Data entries

------------------------

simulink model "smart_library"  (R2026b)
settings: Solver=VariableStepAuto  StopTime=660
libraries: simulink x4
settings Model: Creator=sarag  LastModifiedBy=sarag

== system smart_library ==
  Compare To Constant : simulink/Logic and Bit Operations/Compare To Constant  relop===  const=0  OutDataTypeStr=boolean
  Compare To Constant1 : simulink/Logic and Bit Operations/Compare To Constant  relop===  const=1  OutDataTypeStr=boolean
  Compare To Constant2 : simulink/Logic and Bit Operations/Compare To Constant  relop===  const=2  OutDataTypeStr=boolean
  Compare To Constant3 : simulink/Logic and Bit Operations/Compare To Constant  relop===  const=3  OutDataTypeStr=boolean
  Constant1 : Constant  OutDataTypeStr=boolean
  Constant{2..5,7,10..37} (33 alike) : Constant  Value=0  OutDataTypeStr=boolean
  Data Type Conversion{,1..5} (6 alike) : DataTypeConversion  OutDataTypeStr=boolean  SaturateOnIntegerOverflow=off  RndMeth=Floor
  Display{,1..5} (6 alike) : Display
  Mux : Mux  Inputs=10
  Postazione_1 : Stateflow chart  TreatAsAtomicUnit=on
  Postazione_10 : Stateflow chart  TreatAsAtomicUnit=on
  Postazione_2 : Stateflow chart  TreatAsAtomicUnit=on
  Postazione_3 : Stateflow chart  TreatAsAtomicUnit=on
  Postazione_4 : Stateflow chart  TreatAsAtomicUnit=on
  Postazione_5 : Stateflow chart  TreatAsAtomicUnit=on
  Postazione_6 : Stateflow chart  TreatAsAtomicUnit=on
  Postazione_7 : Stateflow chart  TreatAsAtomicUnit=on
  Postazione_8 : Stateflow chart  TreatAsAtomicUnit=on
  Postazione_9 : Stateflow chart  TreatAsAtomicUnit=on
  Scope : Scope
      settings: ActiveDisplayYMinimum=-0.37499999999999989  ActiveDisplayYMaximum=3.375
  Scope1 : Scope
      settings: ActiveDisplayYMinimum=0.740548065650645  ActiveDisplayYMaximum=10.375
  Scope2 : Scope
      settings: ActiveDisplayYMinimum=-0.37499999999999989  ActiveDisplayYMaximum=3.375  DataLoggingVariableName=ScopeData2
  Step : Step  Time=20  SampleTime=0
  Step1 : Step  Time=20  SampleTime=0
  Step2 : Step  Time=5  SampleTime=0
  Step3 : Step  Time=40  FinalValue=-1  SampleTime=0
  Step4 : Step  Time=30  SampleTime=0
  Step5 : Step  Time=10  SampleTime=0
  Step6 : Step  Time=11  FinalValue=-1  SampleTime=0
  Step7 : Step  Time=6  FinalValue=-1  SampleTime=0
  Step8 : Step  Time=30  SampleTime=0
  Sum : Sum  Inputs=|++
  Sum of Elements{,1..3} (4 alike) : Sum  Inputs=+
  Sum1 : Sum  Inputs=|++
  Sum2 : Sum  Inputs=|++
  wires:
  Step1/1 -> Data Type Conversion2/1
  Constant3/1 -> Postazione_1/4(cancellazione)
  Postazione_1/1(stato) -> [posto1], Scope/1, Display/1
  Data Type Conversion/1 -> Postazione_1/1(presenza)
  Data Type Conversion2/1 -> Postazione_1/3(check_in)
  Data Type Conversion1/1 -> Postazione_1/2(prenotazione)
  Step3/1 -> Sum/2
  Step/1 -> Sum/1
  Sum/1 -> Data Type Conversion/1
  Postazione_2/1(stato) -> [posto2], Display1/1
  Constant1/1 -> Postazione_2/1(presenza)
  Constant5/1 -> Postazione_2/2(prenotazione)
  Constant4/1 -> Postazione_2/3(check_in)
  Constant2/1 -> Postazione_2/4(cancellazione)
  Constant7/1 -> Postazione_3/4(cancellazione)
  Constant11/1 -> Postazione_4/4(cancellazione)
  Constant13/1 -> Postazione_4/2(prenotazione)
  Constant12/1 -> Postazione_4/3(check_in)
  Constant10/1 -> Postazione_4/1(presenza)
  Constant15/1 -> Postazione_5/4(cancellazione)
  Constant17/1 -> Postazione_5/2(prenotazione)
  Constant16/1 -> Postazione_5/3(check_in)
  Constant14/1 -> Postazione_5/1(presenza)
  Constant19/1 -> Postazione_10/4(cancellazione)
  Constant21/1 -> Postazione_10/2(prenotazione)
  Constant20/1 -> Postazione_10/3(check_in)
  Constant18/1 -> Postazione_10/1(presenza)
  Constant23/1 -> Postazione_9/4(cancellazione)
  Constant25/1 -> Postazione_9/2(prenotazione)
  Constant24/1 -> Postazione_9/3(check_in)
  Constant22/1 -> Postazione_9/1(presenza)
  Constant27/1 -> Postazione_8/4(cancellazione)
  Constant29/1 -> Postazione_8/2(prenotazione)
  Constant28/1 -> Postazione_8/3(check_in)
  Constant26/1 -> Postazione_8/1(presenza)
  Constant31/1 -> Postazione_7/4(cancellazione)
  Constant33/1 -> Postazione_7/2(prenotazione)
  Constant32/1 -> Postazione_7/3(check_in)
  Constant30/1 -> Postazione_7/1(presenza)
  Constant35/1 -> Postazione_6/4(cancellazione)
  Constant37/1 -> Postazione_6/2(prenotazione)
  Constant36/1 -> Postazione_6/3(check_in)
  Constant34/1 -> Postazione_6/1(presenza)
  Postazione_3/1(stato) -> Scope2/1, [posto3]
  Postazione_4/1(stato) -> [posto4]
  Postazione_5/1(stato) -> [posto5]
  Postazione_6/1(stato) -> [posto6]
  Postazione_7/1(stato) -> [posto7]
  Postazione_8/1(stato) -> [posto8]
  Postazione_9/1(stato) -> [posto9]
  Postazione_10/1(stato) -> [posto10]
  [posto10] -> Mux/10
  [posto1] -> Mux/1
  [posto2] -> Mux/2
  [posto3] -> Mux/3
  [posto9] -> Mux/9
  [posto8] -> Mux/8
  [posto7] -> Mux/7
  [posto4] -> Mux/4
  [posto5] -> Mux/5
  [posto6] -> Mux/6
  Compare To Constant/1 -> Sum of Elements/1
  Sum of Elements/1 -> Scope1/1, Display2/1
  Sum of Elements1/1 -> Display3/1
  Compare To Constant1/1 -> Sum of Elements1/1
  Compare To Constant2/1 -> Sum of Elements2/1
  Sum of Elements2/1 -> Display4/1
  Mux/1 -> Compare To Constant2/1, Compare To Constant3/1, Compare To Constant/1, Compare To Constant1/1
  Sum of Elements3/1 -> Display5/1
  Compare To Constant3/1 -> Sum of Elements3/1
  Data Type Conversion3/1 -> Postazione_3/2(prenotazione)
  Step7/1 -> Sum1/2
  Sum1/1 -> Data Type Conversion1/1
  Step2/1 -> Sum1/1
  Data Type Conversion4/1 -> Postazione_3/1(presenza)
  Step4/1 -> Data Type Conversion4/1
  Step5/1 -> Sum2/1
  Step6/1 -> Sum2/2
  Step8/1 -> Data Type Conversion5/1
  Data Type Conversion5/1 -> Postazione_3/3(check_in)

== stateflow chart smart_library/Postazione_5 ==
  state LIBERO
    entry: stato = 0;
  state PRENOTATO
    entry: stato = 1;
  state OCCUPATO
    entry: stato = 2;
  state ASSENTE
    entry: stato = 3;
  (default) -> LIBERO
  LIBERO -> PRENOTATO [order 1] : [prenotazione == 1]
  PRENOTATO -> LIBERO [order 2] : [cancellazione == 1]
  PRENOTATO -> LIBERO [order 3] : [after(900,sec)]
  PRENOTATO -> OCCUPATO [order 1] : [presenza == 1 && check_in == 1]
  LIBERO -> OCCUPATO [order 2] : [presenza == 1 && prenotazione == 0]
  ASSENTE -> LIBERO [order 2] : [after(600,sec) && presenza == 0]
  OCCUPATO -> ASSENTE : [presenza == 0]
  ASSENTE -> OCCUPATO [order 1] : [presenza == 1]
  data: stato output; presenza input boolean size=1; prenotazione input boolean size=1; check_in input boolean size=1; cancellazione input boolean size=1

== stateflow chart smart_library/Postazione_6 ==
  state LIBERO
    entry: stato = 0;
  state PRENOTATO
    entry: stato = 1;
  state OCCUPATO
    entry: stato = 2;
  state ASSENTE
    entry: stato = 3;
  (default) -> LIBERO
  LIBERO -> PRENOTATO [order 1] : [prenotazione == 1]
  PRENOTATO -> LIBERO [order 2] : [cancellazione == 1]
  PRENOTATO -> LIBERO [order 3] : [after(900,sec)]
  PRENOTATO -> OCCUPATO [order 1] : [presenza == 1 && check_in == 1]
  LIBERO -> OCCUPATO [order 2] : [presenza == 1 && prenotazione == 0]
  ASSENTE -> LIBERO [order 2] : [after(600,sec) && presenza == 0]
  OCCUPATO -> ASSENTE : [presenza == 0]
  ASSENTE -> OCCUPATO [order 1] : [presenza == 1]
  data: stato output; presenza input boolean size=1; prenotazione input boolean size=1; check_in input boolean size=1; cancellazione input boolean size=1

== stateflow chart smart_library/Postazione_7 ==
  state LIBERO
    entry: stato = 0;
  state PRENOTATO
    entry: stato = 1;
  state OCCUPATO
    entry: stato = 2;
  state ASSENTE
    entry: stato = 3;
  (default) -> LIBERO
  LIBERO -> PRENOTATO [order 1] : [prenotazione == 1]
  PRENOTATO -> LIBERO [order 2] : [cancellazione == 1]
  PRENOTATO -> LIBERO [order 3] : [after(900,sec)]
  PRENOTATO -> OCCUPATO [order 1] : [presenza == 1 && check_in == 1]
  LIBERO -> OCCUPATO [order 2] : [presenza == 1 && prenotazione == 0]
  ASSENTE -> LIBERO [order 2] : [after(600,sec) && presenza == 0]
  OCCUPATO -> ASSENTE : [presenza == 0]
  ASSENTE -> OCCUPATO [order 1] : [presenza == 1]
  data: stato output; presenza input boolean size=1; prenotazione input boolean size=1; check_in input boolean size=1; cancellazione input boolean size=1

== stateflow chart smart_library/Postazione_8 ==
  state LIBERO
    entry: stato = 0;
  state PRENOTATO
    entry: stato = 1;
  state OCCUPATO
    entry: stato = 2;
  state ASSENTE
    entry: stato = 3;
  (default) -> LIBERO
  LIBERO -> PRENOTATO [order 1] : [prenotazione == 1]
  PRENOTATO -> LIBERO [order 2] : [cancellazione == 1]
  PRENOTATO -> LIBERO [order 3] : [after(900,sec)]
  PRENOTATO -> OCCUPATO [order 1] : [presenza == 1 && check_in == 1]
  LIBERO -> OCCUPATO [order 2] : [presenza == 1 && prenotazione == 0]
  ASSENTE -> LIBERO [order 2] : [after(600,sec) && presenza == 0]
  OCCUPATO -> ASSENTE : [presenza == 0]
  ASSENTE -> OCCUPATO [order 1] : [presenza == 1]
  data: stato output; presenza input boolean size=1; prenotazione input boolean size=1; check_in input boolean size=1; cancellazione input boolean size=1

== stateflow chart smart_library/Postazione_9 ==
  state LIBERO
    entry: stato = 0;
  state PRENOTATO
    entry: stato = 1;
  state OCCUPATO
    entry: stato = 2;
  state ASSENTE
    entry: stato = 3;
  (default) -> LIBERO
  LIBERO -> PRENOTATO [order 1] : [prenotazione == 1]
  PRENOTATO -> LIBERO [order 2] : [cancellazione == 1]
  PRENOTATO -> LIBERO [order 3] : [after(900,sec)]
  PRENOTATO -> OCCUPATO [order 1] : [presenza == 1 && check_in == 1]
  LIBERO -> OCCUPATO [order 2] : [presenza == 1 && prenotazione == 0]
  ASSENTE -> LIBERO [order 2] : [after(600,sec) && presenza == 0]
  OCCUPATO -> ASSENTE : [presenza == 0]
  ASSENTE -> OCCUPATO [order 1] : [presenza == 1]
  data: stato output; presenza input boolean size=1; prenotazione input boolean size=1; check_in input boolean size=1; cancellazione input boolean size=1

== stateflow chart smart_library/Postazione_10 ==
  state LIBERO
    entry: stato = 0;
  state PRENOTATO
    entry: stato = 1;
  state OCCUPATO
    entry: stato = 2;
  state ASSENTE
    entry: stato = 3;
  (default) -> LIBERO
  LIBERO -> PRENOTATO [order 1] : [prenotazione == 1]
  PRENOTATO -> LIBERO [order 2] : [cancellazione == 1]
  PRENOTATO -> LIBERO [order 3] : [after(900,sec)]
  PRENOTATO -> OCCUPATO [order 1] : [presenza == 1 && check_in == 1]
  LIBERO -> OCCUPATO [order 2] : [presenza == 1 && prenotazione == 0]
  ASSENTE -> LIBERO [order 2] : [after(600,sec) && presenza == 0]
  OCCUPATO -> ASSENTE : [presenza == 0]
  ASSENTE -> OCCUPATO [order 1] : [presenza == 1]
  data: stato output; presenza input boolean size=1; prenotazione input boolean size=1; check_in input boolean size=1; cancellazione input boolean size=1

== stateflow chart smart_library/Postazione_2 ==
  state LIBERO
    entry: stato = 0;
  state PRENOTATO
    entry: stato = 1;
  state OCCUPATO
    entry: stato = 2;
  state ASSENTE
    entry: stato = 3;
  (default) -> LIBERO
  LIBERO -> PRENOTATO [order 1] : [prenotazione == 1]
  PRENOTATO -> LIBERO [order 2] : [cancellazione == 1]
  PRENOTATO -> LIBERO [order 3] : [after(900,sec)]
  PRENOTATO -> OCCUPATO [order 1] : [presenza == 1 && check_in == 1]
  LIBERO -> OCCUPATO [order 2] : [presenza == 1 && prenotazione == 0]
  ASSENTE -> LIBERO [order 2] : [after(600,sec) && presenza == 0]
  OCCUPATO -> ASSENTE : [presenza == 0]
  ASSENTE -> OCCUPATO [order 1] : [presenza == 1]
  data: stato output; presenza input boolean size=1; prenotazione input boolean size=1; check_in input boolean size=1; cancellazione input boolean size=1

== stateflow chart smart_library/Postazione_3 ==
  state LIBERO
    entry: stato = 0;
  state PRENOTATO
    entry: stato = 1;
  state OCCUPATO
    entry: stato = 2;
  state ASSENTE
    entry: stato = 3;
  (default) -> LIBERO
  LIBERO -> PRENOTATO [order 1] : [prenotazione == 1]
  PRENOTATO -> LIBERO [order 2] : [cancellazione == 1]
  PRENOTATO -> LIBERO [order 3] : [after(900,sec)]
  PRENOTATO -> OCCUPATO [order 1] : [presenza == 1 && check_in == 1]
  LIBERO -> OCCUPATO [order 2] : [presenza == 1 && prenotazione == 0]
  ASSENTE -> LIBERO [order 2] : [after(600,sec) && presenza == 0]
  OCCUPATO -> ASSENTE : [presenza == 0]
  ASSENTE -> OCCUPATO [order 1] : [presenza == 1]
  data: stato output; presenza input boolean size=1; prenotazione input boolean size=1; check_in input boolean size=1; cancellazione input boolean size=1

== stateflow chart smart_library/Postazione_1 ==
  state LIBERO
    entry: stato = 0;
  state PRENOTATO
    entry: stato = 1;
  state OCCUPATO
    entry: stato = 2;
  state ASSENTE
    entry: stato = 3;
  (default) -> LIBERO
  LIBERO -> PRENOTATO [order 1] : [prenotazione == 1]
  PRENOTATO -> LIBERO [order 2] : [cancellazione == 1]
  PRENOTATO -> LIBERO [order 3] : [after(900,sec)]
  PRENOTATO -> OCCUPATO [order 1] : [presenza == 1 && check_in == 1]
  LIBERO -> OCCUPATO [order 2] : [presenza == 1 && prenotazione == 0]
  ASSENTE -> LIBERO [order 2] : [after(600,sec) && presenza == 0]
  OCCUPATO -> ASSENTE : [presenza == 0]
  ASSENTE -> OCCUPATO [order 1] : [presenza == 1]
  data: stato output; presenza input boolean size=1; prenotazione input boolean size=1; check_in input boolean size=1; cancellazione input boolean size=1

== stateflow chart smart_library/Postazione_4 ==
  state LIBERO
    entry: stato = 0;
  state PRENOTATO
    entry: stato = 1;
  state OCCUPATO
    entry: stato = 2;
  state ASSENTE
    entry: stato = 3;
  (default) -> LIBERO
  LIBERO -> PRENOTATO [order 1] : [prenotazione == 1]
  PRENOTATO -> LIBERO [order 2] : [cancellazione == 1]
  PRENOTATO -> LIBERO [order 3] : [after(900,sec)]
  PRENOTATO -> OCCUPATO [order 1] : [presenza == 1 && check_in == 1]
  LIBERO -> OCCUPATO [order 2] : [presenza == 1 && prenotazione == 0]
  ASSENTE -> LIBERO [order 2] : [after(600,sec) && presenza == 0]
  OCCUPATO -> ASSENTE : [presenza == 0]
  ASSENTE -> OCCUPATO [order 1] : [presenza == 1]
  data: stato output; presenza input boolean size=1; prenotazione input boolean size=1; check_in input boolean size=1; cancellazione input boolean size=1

------------------------

■ **Task description**:
Word for word, restate the lines above from the line containing "Postazione_8 : Stateflow" through the line containing "Constant21/1 -> Postazione_10/2(prenotazione)", with both included and nothing else.

■ **Output for this exercise**:
  Postazione_8 : Stateflow chart  TreatAsAtomicUnit=on
  Postazione_9 : Stateflow chart  TreatAsAtomicUnit=on
  Scope : Scope
      settings: ActiveDisplayYMinimum=-0.37499999999999989  ActiveDisplayYMaximum=3.375
  Scope1 : Scope
      settings: ActiveDisplayYMinimum=0.740548065650645  ActiveDisplayYMaximum=10.375
  Scope2 : Scope
      settings: ActiveDisplayYMinimum=-0.37499999999999989  ActiveDisplayYMaximum=3.375  DataLoggingVariableName=ScopeData2
  Step : Step  Time=20  SampleTime=0
  Step1 : Step  Time=20  SampleTime=0
  Step2 : Step  Time=5  SampleTime=0
  Step3 : Step  Time=40  FinalValue=-1  SampleTime=0
  Step4 : Step  Time=30  SampleTime=0
  Step5 : Step  Time=10  SampleTime=0
  Step6 : Step  Time=11  FinalValue=-1  SampleTime=0
  Step7 : Step  Time=6  FinalValue=-1  SampleTime=0
  Step8 : Step  Time=30  SampleTime=0
  Sum : Sum  Inputs=|++
  Sum of Elements{,1..3} (4 alike) : Sum  Inputs=+
  Sum1 : Sum  Inputs=|++
  Sum2 : Sum  Inputs=|++
  wires:
  Step1/1 -> Data Type Conversion2/1
  Constant3/1 -> Postazione_1/4(cancellazione)
  Postazione_1/1(stato) -> [posto1], Scope/1, Display/1
  Data Type Conversion/1 -> Postazione_1/1(presenza)
  Data Type Conversion2/1 -> Postazione_1/3(check_in)
  Data Type Conversion1/1 -> Postazione_1/2(prenotazione)
  Step3/1 -> Sum/2
  Step/1 -> Sum/1
  Sum/1 -> Data Type Conversion/1
  Postazione_2/1(stato) -> [posto2], Display1/1
  Constant1/1 -> Postazione_2/1(presenza)
  Constant5/1 -> Postazione_2/2(prenotazione)
  Constant4/1 -> Postazione_2/3(check_in)
  Constant2/1 -> Postazione_2/4(cancellazione)
  Constant7/1 -> Postazione_3/4(cancellazione)
  Constant11/1 -> Postazione_4/4(cancellazione)
  Constant13/1 -> Postazione_4/2(prenotazione)
  Constant12/1 -> Postazione_4/3(check_in)
  Constant10/1 -> Postazione_4/1(presenza)
  Constant15/1 -> Postazione_5/4(cancellazione)
  Constant17/1 -> Postazione_5/2(prenotazione)
  Constant16/1 -> Postazione_5/3(check_in)
  Constant14/1 -> Postazione_5/1(presenza)
  Constant19/1 -> Postazione_10/4(cancellazione)
  Constant21/1 -> Postazione_10/2(prenotazione)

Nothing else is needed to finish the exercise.